Check each line below for the word "units", then please report how many lines have it and nothing more.
::::::
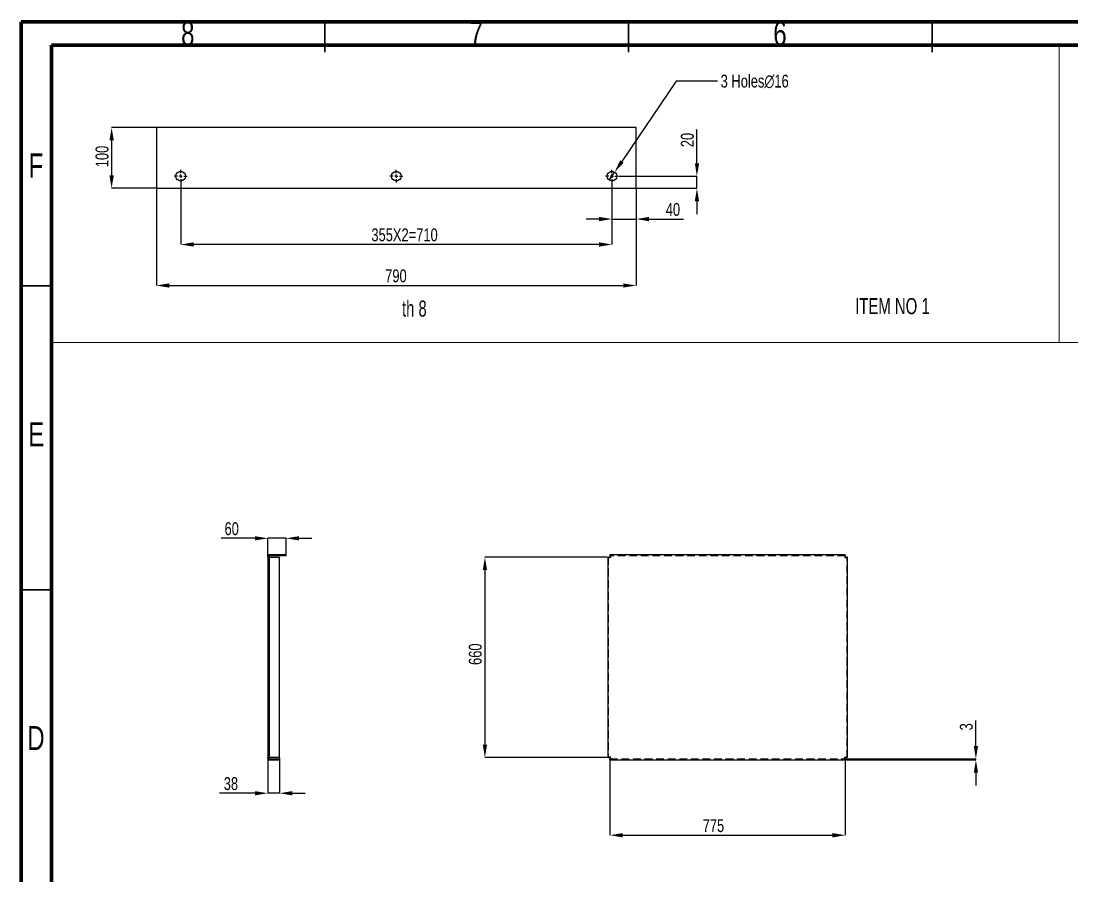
# Model space of a CAD drawing. Header units: millimetres. Extents: x 15 to 1266, y -324 to 294.
# Drawn here: x 866.3 to 1039.3, y 153.7 to 294.4 of the extents above; entities that cross this region are included whole.
import ezdxf

# ---------------------------------------------------------------- set-up
doc = ezdxf.new("R2010")
doc.units = ezdxf.units.MM
doc.header["$PDSIZE"] = -1
doc.linetypes.add('HIDDEN', pattern=[1.905, 1.27, -0.635])
doc.layers.add('FORMAT', color=7, linetype='Continuous')
doc.styles.add('SLDTEXTSTYLE0', font='TXT', dxfattribs={"width": 0.75})
doc.styles.add('SLDTEXTSTYLE3', font='TXT', dxfattribs={"width": 0.694444})
doc.styles.add('SLDTEXTSTYLE4', font='TXT', dxfattribs={"width": 0.6875})
doc.dimstyles.new('SLDDIMSTYLE10', dxfattribs={"dimtxt": 2.116667, "dimasz": 2.116667, "dimexe": 0, "dimexo": 0.0625, "dimgap": 0.529167, "dimtad": 0, "dimtih": 1, "dimtoh": 1, "dimdec": 0, "dimlfac": 10, "dimrnd": 1e-09, "dimzin": 12, "dimdsep": 46, "dimtxsty": 'SLDTEXTSTYLE0', "dimblk1": 'NONE', "dimsah": 1, "dimcen": 0, "dimadec": 0, "dimazin": 3, "dimtfac": 1, "dimtdec": 0, "dimtmove": 0, "dimatfit": 3, "dimldrblk": 'NONE', "dimfxl": 1, "dimfrac": 2, "dimtolj": 1, "dimtzin": 12, "dimarcsym": 0})
doc.dimstyles.new('SLDDIMSTYLE11', dxfattribs={"dimtxt": 2.116667, "dimasz": 2.116667, "dimexe": 0, "dimexo": 0.0625, "dimgap": 0.529167, "dimtad": 1, "dimdec": 0, "dimlfac": 20, "dimrnd": 1e-09, "dimzin": 12, "dimdsep": 46, "dimtxsty": 'SLDTEXTSTYLE0', "dimsah": 1, "dimcen": 0.09, "dimadec": 0, "dimazin": 3, "dimtfac": 1, "dimtdec": 0, "dimtmove": 0, "dimatfit": 0, "dimfxl": 1, "dimfrac": 2, "dimtolj": 1, "dimtzin": 12, "dimarcsym": 0})
doc.dimstyles.new('SLDDIMSTYLE12', dxfattribs={"dimtxt": 2.116667, "dimasz": 2.116667, "dimexe": 0, "dimexo": 0.0625, "dimgap": 0.529167, "dimtad": 1, "dimdec": 0, "dimlfac": 20, "dimrnd": 1e-09, "dimzin": 12, "dimdsep": 46, "dimtxsty": 'SLDTEXTSTYLE0', "dimsah": 1, "dimcen": 0.09, "dimadec": 0, "dimazin": 3, "dimtfac": 1, "dimtdec": 0, "dimtofl": 0, "dimtmove": 0, "dimatfit": 3, "dimfxl": 1, "dimfrac": 2, "dimtolj": 1, "dimtzin": 12, "dimarcsym": 0})
doc.dimstyles.new('SLDDIMSTYLE8', dxfattribs={"dimtxt": 2.116667, "dimasz": 2.116667, "dimexe": 0, "dimexo": 0.0625, "dimgap": 0.529167, "dimtad": 1, "dimdec": 0, "dimlfac": 10, "dimrnd": 1e-09, "dimzin": 12, "dimdsep": 46, "dimtxsty": 'SLDTEXTSTYLE0', "dimsah": 1, "dimcen": 0.09, "dimadec": 0, "dimazin": 3, "dimtfac": 1, "dimtdec": 0, "dimtmove": 0, "dimatfit": 0, "dimfxl": 1, "dimfrac": 2, "dimtolj": 1, "dimtzin": 12, "dimarcsym": 0})
doc.dimstyles.new('SLDDIMSTYLE9', dxfattribs={"dimtxt": 2.116667, "dimasz": 2.116667, "dimexe": 0, "dimexo": 0.0625, "dimgap": 0.529167, "dimtad": 1, "dimdec": 0, "dimlfac": 10, "dimrnd": 1e-09, "dimzin": 12, "dimdsep": 46, "dimtxsty": 'SLDTEXTSTYLE0', "dimsah": 1, "dimcen": 0.09, "dimadec": 0, "dimazin": 3, "dimtfac": 1, "dimtdec": 0, "dimtofl": 0, "dimtmove": 0, "dimatfit": 3, "dimfxl": 1, "dimfrac": 2, "dimtolj": 1, "dimtzin": 12, "dimarcsym": 0})

# ---------------------------------------------------------------- blocks, each defined once
blk = doc.blocks.new('*D605')
at = {"layer": 'Defpoints', "color": 0}
for p in [(888.55, 266.87), (967.55, 266.87), (967.55, 250.87)]:
    blk.add_point(p, dxfattribs=at)
at = {"layer": 'FORMAT', "color": 0, "lineweight": -2}
for p, q in [((888.55, 266.81), (888.55, 250.87)), ((967.55, 266.81), (967.55, 250.87)), ((890.67, 250.87), (965.44, 250.87))]:
    blk.add_line(p, q, dxfattribs=at)
at = {"layer": 'FORMAT', "color": 0}
for points in [[(890.67, 251.22), (890.67, 250.52), (888.55, 250.87)], [(965.44, 251.22), (965.44, 250.52), (967.55, 250.87)]]:
    blk.add_solid(points, dxfattribs=at)
at = {"layer": 'FORMAT', "color": 0, "insert": (927.99, 253.52), "char_height": 2.117, "attachment_point": 2, "style": 'SLDTEXTSTYLE0'}
blk.add_mtext('\\A1;790', dxfattribs=at)
blk = doc.blocks.new('*D606')
at = {"layer": 'Defpoints', "color": 0}
for p in [(888.55, 276.87), (881.18, 266.87), (888.55, 266.87)]:
    blk.add_point(p, dxfattribs=at)
at = {"layer": 'FORMAT', "color": 0, "lineweight": -2}
for p, q in [((888.49, 276.87), (881.18, 276.87)), ((881.18, 274.75), (881.18, 268.99)), ((888.49, 266.87), (881.18, 266.87))]:
    blk.add_line(p, q, dxfattribs=at)
at = {"layer": 'FORMAT', "color": 0}
for points in [[(880.83, 274.75), (881.54, 274.75), (881.18, 276.87)], [(880.83, 268.99), (881.54, 268.99), (881.18, 266.87)]]:
    blk.add_solid(points, dxfattribs=at)
at = {"layer": 'FORMAT', "color": 0, "insert": (878.54, 272.11), "char_height": 2.117, "attachment_point": 2, "rotation": 90, "style": 'SLDTEXTSTYLE0'}
blk.add_mtext('\\A1;100', dxfattribs=at)
blk = doc.blocks.new('*D607')
at = {"layer": 'Defpoints', "color": 0}
for p in [(963.55, 267.82), (967.55, 266.87), (967.55, 261.81)]:
    blk.add_point(p, dxfattribs=at)
at = {"layer": 'FORMAT', "color": 0, "lineweight": -2}
for p, q in [((963.55, 267.76), (963.55, 261.81)), ((967.55, 266.81), (967.55, 261.81)), ((961.44, 261.81), (959.32, 261.81)), ((963.55, 261.81), (967.55, 261.81)), ((969.67, 261.81), (975.32, 261.81))]:
    blk.add_line(p, q, dxfattribs=at)
at = {"layer": 'FORMAT', "color": 0}
for points in [[(961.44, 262.16), (961.44, 261.45), (963.55, 261.81)], [(969.67, 262.16), (969.67, 261.45), (967.55, 261.81)]]:
    blk.add_solid(points, dxfattribs=at)
at = {"layer": 'FORMAT', "color": 0, "insert": (973.6, 264.45), "char_height": 2.117, "attachment_point": 2, "style": 'SLDTEXTSTYLE0'}
blk.add_mtext('\\A1;40', dxfattribs=at)
blk = doc.blocks.new('*D608')
at = {"layer": 'Defpoints', "color": 0}
for p in [(964.6, 268.87), (967.55, 266.87), (977.55, 266.87)]:
    blk.add_point(p, dxfattribs=at)
at = {"layer": 'FORMAT', "color": 0, "lineweight": -2}
for p, q in [((977.55, 270.99), (977.55, 276.54)), ((964.67, 268.87), (977.55, 268.87)), ((977.55, 266.87), (977.55, 268.87)), ((967.62, 266.87), (977.55, 266.87)), ((977.55, 264.75), (977.55, 262.64))]:
    blk.add_line(p, q, dxfattribs=at)
at = {"layer": 'FORMAT', "color": 0}
for points in [[(977.2, 270.99), (977.91, 270.99), (977.55, 268.87)], [(977.2, 264.75), (977.91, 264.75), (977.55, 266.87)]]:
    blk.add_solid(points, dxfattribs=at)
at = {"layer": 'FORMAT', "color": 0, "insert": (974.91, 274.82), "char_height": 2.117, "attachment_point": 2, "rotation": 90, "style": 'SLDTEXTSTYLE0'}
blk.add_mtext('\\A1;20', dxfattribs=at)
blk = doc.blocks.new('*D609')
at = {"layer": 'Defpoints', "color": 0}
for p in [(892.55, 267.82), (963.55, 267.82), (892.55, 257.62)]:
    blk.add_point(p, dxfattribs=at)
at = {"layer": 'FORMAT', "color": 0, "lineweight": -2}
for p, q in [((892.55, 267.76), (892.55, 257.62)), ((963.55, 267.76), (963.55, 257.62)), ((961.44, 257.62), (894.67, 257.62))]:
    blk.add_line(p, q, dxfattribs=at)
at = {"layer": 'FORMAT', "color": 0}
for points in [[(894.67, 257.97), (894.67, 257.27), (892.55, 257.62)], [(961.44, 257.97), (961.44, 257.27), (963.55, 257.62)]]:
    blk.add_solid(points, dxfattribs=at)
at = {"layer": 'FORMAT', "color": 0, "insert": (929.41, 260.27), "char_height": 2.1167, "attachment_point": 2, "style": 'SLDTEXTSTYLE0'}
blk.add_mtext('\\A1;355X2=710', dxfattribs=at)
blk = doc.blocks.new('*D610')
at = {"layer": 'Defpoints', "color": 0}
for p in [(963.11, 268.21), (964, 269.53)]:
    blk.add_point(p, dxfattribs=at)
at = {"layer": 'FORMAT', "color": 0, "lineweight": -2}
for p, q in [((974.15, 284.52), (965.19, 271.29)), ((980.93, 284.52), (974.15, 284.52)), ((963.11, 268.21), (964, 269.53))]:
    blk.add_line(p, q, dxfattribs=at)
at = {"layer": 'FORMAT', "color": 0}
blk.add_solid([(964.9, 271.48), (965.48, 271.09), (964, 269.53)], dxfattribs=at)
at = {"layer": 'FORMAT', "color": 0, "insert": (981.46, 285.58), "char_height": 2.1167, "attachment_point": 1, "style": 'SLDTEXTSTYLE0'}
blk.add_mtext('\\A1;3 Holes∅16', dxfattribs=at)
blk = doc.blocks.new('_None')
blk = doc.blocks.new('SW_CENTERMARKSYMBOL_74')
at = {"layer": 'FORMAT', "color": 0}
for p, q in [((-0.5, 0), (-1.05, 0)), ((0, 0), (-0.25, 0)), ((0, 0.5), (0, 1.05)), ((0, 0), (0, 0.25)), ((0, 0), (0, -0.25)), ((0, 0), (0.25, 0)), ((0.5, 0), (1.05, 0)), ((0, -0.5), (0, -1.05))]:
    blk.add_line(p, q, dxfattribs=at)
blk = doc.blocks.new('SW_CENTERMARKSYMBOL_75')
at = {"layer": 'FORMAT', "color": 0}
for p, q in [((-0.5, 0), (-1.05, 0)), ((0, 0), (-0.25, 0)), ((0, 0.5), (0, 1.05)), ((0, 0), (0, 0.25)), ((0, 0), (0, -0.25)), ((0, 0), (0.25, 0)), ((0.5, 0), (1.05, 0)), ((0, -0.5), (0, -1.05))]:
    blk.add_line(p, q, dxfattribs=at)
blk = doc.blocks.new('SW_CENTERMARKSYMBOL_76')
at = {"layer": 'FORMAT', "color": 0}
for p, q in [((-0.5, 0), (-1.05, 0)), ((0, 0), (-0.25, 0)), ((0, 0.5), (0, 1.05)), ((0, 0), (0, 0.25)), ((0, 0), (0, -0.25)), ((0, 0), (0.25, 0)), ((0.5, 0), (1.05, 0)), ((0, -0.5), (0, -1.05))]:
    blk.add_line(p, q, dxfattribs=at)
blk = doc.blocks.new('*D611')
at = {"layer": 'Defpoints', "color": 0}
for p in [(906.9, 209.25), (906.9, 206.08), (909.9, 206.53)]:
    blk.add_point(p, dxfattribs=at)
at = {"layer": 'FORMAT', "color": 0, "lineweight": -2}
for p, q in [((904.78, 209.25), (899.23, 209.25)), ((906.9, 206.14), (906.9, 209.25)), ((909.9, 209.25), (906.9, 209.25)), ((909.9, 206.59), (909.9, 209.25)), ((912.02, 209.25), (914.13, 209.25))]:
    blk.add_line(p, q, dxfattribs=at)
at = {"layer": 'FORMAT', "color": 0}
for points in [[(904.78, 209.6), (904.78, 208.9), (906.9, 209.25)], [(912.02, 209.6), (912.02, 208.9), (909.9, 209.25)]]:
    blk.add_solid(points, dxfattribs=at)
at = {"layer": 'FORMAT', "color": 0, "insert": (900.95, 211.89), "char_height": 2.117, "attachment_point": 2, "style": 'SLDTEXTSTYLE0'}
blk.add_mtext('\\A1;60', dxfattribs=at)
blk = doc.blocks.new('*D612')
at = {"layer": 'Defpoints', "color": 0}
for p in [(906.9, 173.08), (908.8, 173.15), (906.9, 167.28)]:
    blk.add_point(p, dxfattribs=at)
at = {"layer": 'FORMAT', "color": 0, "lineweight": -2}
for p, q in [((908.8, 173.09), (908.8, 167.28)), ((906.9, 173.02), (906.9, 167.28)), ((904.78, 167.28), (898.96, 167.28)), ((908.8, 167.28), (906.9, 167.28)), ((910.92, 167.28), (913.03, 167.28))]:
    blk.add_line(p, q, dxfattribs=at)
at = {"layer": 'FORMAT', "color": 0}
for points in [[(904.78, 167.63), (904.78, 166.93), (906.9, 167.28)], [(910.92, 167.63), (910.92, 166.93), (908.8, 167.28)]]:
    blk.add_solid(points, dxfattribs=at)
at = {"layer": 'FORMAT', "color": 0, "insert": (900.82, 169.93), "char_height": 2.117, "attachment_point": 2, "style": 'SLDTEXTSTYLE0'}
blk.add_mtext('\\A1;38', dxfattribs=at)
blk = doc.blocks.new('*D613')
at = {"layer": 'Defpoints', "color": 0}
for p in [(963.23, 172.78), (1001.98, 172.78), (1001.98, 160.37)]:
    blk.add_point(p, dxfattribs=at)
at = {"layer": 'FORMAT', "color": 0, "lineweight": -2}
for p, q in [((963.23, 172.72), (963.23, 160.37)), ((1001.98, 172.72), (1001.98, 160.37)), ((965.34, 160.37), (999.87, 160.37))]:
    blk.add_line(p, q, dxfattribs=at)
at = {"layer": 'FORMAT', "color": 0}
for points in [[(965.34, 160.72), (965.34, 160.01), (963.23, 160.37)], [(999.87, 160.72), (999.87, 160.01), (1001.98, 160.37)]]:
    blk.add_solid(points, dxfattribs=at)
at = {"layer": 'FORMAT', "color": 0, "insert": (980.27, 163.01), "char_height": 2.117, "attachment_point": 2, "style": 'SLDTEXTSTYLE0'}
blk.add_mtext('\\A1;775', dxfattribs=at)
blk = doc.blocks.new('*D614')
at = {"layer": 'Defpoints', "color": 0}
for p in [(962.85, 206.16), (942.64, 173.15), (962.85, 173.15)]:
    blk.add_point(p, dxfattribs=at)
at = {"layer": 'FORMAT', "color": 0, "lineweight": -2}
for p, q in [((962.79, 206.16), (942.64, 206.16)), ((942.64, 204.04), (942.64, 175.27)), ((962.79, 173.15), (942.64, 173.15))]:
    blk.add_line(p, q, dxfattribs=at)
at = {"layer": 'FORMAT', "color": 0}
for points in [[(942.29, 204.04), (942.99, 204.04), (942.64, 206.16)], [(942.29, 175.27), (942.99, 175.27), (942.64, 173.15)]]:
    blk.add_solid(points, dxfattribs=at)
at = {"layer": 'FORMAT', "color": 0, "insert": (939.99, 190.17), "char_height": 2.117, "attachment_point": 2, "rotation": 90, "style": 'SLDTEXTSTYLE0'}
blk.add_mtext('\\A1;660', dxfattribs=at)
blk = doc.blocks.new('*D615')
at = {"layer": 'Defpoints', "color": 0}
for p in [(1001.98, 172.93), (1001.98, 172.78), (1023.48, 172.78)]:
    blk.add_point(p, dxfattribs=at)
at = {"layer": 'FORMAT', "color": 0, "lineweight": -2}
for p, q in [((1023.48, 175.05), (1023.48, 179.28)), ((1002.05, 172.93), (1023.48, 172.93)), ((1002.05, 172.78), (1023.48, 172.78)), ((1023.48, 172.78), (1023.48, 172.93)), ((1023.48, 170.67), (1023.48, 168.55))]:
    blk.add_line(p, q, dxfattribs=at)
at = {"layer": 'FORMAT', "color": 0}
for points in [[(1023.13, 175.05), (1023.84, 175.05), (1023.48, 172.93)], [(1023.13, 170.67), (1023.84, 170.67), (1023.48, 172.78)]]:
    blk.add_solid(points, dxfattribs=at)
at = {"layer": 'FORMAT', "color": 0, "insert": (1020.84, 178.22), "char_height": 2.117, "attachment_point": 2, "rotation": 90, "style": 'SLDTEXTSTYLE0'}
blk.add_mtext('\\A1;3', dxfattribs=at)

msp = doc.modelspace()

# ---------------------------------------------------------------- linework, layer by layer
at = {"color": 7, "linetype": 'Continuous', "lineweight": 70}
for p, q in [((866.2637935, 7.2908887), (866.2637935, 294.2908887)), ((866.2637935, 294.2908887), (1266.2637935, 294.2908887)), ((871.2637935, 13.4244138), (871.2637935, 290.4244138)), ((871.2637935, 290.4244138), (1260.6662656, 290.4244138))]:
    msp.add_line(p, q, dxfattribs=at)
at = {"color": 7, "linetype": 'Continuous', "lineweight": 35}
for p, q in [((916.2637935, 289.2908887), (916.2637935, 294.2908887)), ((966.2637935, 289.2908887), (966.2637935, 294.2908887)), ((1016.2637935, 289.2908887), (1016.2637935, 294.2908887)), ((871.2637935, 250.7908887), (866.2637935, 250.7908887)), ((871.2637935, 200.7908887), (866.2637935, 200.7908887))]:
    msp.add_line(p, q, dxfattribs=at)
at = {"color": 7, "linetype": 'Continuous', "lineweight": 18}
for p, q in [((1037.1742205, 290.1112139), (1037.1742205, 241.4892003)), ((871.5059989, 241.4892003), (1169.1110028, 241.4892003))]:
    msp.add_line(p, q, dxfattribs=at)
at = {"color": 7, "linetype": 'Continuous', "lineweight": 25}
for p, q in [((967.5537979, 276.8707006), (888.5537979, 276.8707006)), ((888.5537979, 276.8707006), (888.5537979, 266.8707006)), ((967.5537979, 266.8707006), (967.5537979, 276.8707006)), ((888.5537979, 266.8707006), (967.5537979, 266.8707006)), ((906.9007869, 206.2304154), (907.0507869, 206.2304154)), ((906.9007869, 206.2304154), (906.9007869, 206.0804154)), ((906.9007869, 206.0804154), (906.9007869, 173.2316781)), ((907.0507869, 206.2304154), (907.0507869, 206.1371805)), ((907.2007869, 206.5304154), (907.2007869, 206.3804154)), ((909.9007869, 206.5304154), (907.2007869, 206.5304154)), ((909.9007869, 206.3804154), (907.2007869, 206.3804154)), ((907.2007869, 173.1523888), (907.2007869, 206.1597048)), ((907.2007869, 206.1597048), (908.8007869, 206.1597048)), ((908.8007869, 173.1523888), (908.8007869, 206.1597048)), ((909.9007869, 206.3804154), (909.9007869, 206.5304154)), ((962.8543278, 206.1597048), (962.8543278, 173.1523888)), ((962.8543278, 206.1597048), (963.0043278, 206.1597048)), ((963.3043278, 206.0804154), (963.1543278, 206.0804154)), ((963.2250385, 206.5304154), (963.2250385, 206.3804154)), ((1001.9836171, 206.5304154), (963.2250385, 206.5304154)), ((963.3043278, 206.2304154), (963.3043278, 206.0804154)), ((1001.9043278, 206.2304154), (1001.9043278, 206.0804154)), ((1001.9043278, 206.0804154), (1002.0543278, 206.0804154)), ((1001.9836171, 206.5304154), (1001.9836171, 206.3804154)), ((1002.3543278, 206.1597048), (1002.2043278, 206.1597048)), ((1002.3543278, 173.1523888), (1002.3543278, 206.1597048)), ((906.9007869, 173.0816781), (906.9007869, 173.2316781)), ((906.9007869, 173.0816781), (907.0507869, 173.0816781)), ((907.0507869, 173.0816781), (907.0507869, 173.1749131)), ((908.8007869, 173.1523888), (907.2007869, 173.1523888)), ((962.8543278, 173.1523888), (963.0043278, 173.1523888)), ((963.3043278, 173.2316781), (963.1543278, 173.2316781)), ((963.3043278, 173.0816781), (963.3043278, 173.2316781)), ((1001.9043278, 173.2316781), (1002.0543278, 173.2316781)), ((1001.9043278, 173.0816781), (1001.9043278, 173.2316781)), ((1002.3543278, 173.1523888), (1002.2043278, 173.1523888)), ((907.2007869, 172.7816781), (907.2007869, 172.9316781)), ((907.2007869, 172.9316781), (908.8007869, 172.9316781)), ((907.2007869, 172.7816781), (908.8007869, 172.7816781)), ((908.8007869, 172.7816781), (908.8007869, 172.9316781)), ((963.2250385, 172.7816781), (963.2250385, 172.9316781)), ((963.2250385, 172.7816781), (1001.9836171, 172.7816781)), ((1001.9836171, 172.7816781), (1001.9836171, 172.9316781))]:
    msp.add_line(p, q, dxfattribs=at)
at = {"color": 7, "linetype": 'HIDDEN', "lineweight": 18}
for p, q in [((906.9007869, 206.0804154), (907.0507869, 206.0804154)), ((907.0507869, 206.1371805), (907.0507869, 206.0804154)), ((907.0507869, 206.0804154), (907.0507869, 173.2316781)), ((963.0043278, 206.1597048), (963.0043278, 173.1523888)), ((1001.9836171, 206.3804154), (963.2250385, 206.3804154)), ((1002.2043278, 173.1523888), (1002.2043278, 206.1597048)), ((906.9007869, 173.2316781), (907.0507869, 173.2316781)), ((907.0507869, 173.1749131), (907.0507869, 173.2316781)), ((963.2250385, 172.9316781), (1001.9836171, 172.9316781))]:
    msp.add_line(p, q, dxfattribs=at)
at = {"color": 7, "linetype": 'Continuous', "lineweight": 25}
for centre in [(892.5537979, 268.8707006), (928.0537979, 268.8707006), (963.5537979, 268.8707006)]:
    msp.add_circle(centre, 0.8, dxfattribs=at)
for points, knots in [([(907.2007869, 206.5304154), (907.1630549, 206.5304154), (907.124112, 206.5231237), (907.0510267, 206.4933394), (907.0169622, 206.4708549), (906.9603475, 206.4142401), (906.9378629, 206.3801756), (906.9080787, 206.3070903), (906.9007869, 206.2681475), (906.9007869, 206.2304154)], [0, 0, 0, 0, 0.25, 0.25, 0.5, 0.5, 0.75, 0.75, 1, 1, 1, 1]), ([(906.9007869, 206.0804154), (906.9007869, 206.0804154), (906.9080787, 206.085371), (906.9378629, 206.1002378), (906.9603475, 206.1101489), (907.0169622, 206.1299713), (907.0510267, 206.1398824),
::::::
### RESPONSE
2